In saying these things and becoming in some regards an advocate, Lobel has found that he isn’t alone in his enthusiastic but responsibly cautious support for medical and recreational cannabis. When it comes to actual dispensaries coming online, he finds that while many in his generation still to cling to old stigmas and corrupted social perspectives, they’re also discovering the benefits of medical grass through peers, friends, and family members like him. In other words, the kind of people whom you wouldn’t have expected to be sounding these alarms, and who probably wouldn’t have spoken out under other circumstances.

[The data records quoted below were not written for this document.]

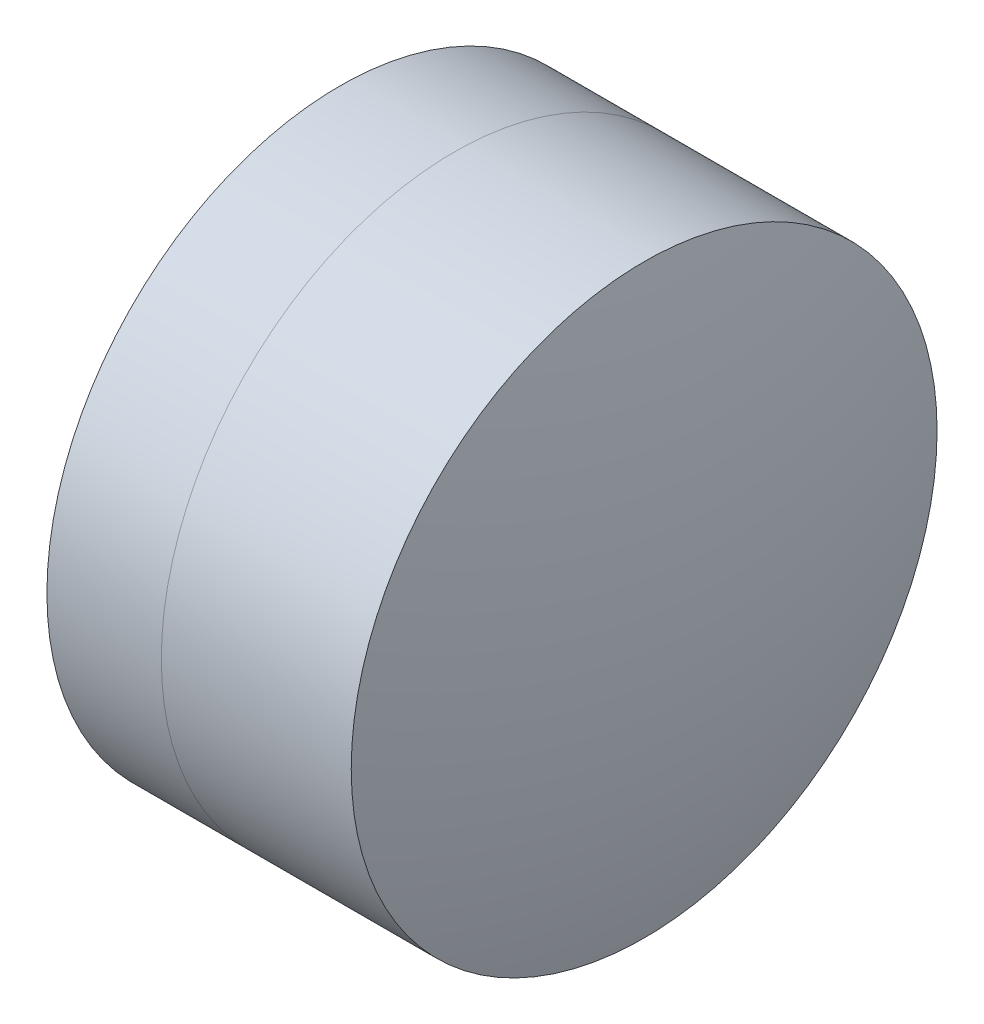
from build123d import *


with BuildPart() as part:
    # 草图1 one side → 旋转1 (revolve)
    with BuildSketch(Plane(origin=(0, 0, 0), x_dir=(1, 0, 0), z_dir=(0, 1, 0)), mode=Mode.PRIVATE) as revolve_1_sk:
        with BuildLine():
            ThreePointArc((1.137008305, 3.175), (0.845584068, 1.599373626), (0.747959484, 0))
            Line((0.747959484, 0), (3.547959484, 0))
            ThreePointArc((3.547959484, 0), (3.245897361, 1.692018333), (2.377028588, 3.175))
            Line((2.377028588, 3.175), (1.137008305, 3.175))
        make_face()
    revolve(revolve_1_sk.sketch.rotate(Axis((-0.816062176, 0, 0), (1, 0, 0)), 180), axis=Axis((-0.816062176, 0, 0), (1, 0, 0)))  # turned: the seam where the file's is


with BuildPart() as body_2:
    # 草图2 one side → 旋转2 (revolve)
    with BuildSketch(Plane(origin=(0, 0, 0), x_dir=(1, 0, 0), z_dir=(0, 1, 0)), mode=Mode.PRIVATE) as revolve_2_sk:
        with BuildLine():
            Line((4.435281209, 3.175), (2.377028588, 3.175))
            ThreePointArc((2.377028588, 3.175), (3.245897361, 1.692018333), (3.547959484, 0))
            Line((3.547959484, 0), (4.847959484, 0))
            ThreePointArc((4.847959484, 0), (4.744357818, 1.60085355), (4.435281209, 3.175))
        make_face()
    revolve(revolve_2_sk.sketch.rotate(Axis((-0.551919993, 0, 0), (1, 0, 0)), 180), axis=Axis((-0.551919993, 0, 0), (1, 0, 0)))  # turned: the seam where the file's is


solid = Compound([part.part, body_2.part])

“People of my generation, which is two or three years ahead of the Baby Boomers, might as well have blinders on when it comes to marijuana,” Lobel says. “Just after us by two or three years was the ‘Woodstock’ group … I think, usually people in my generation have not touched it.”
He adds: “It’s a little tough to sell, but I don’t think it’s impossible … There’s a lot of sick people my age, a lot worse than I am. People that could really use the pain [relief].” Lobel grins: “And the high for that matter.”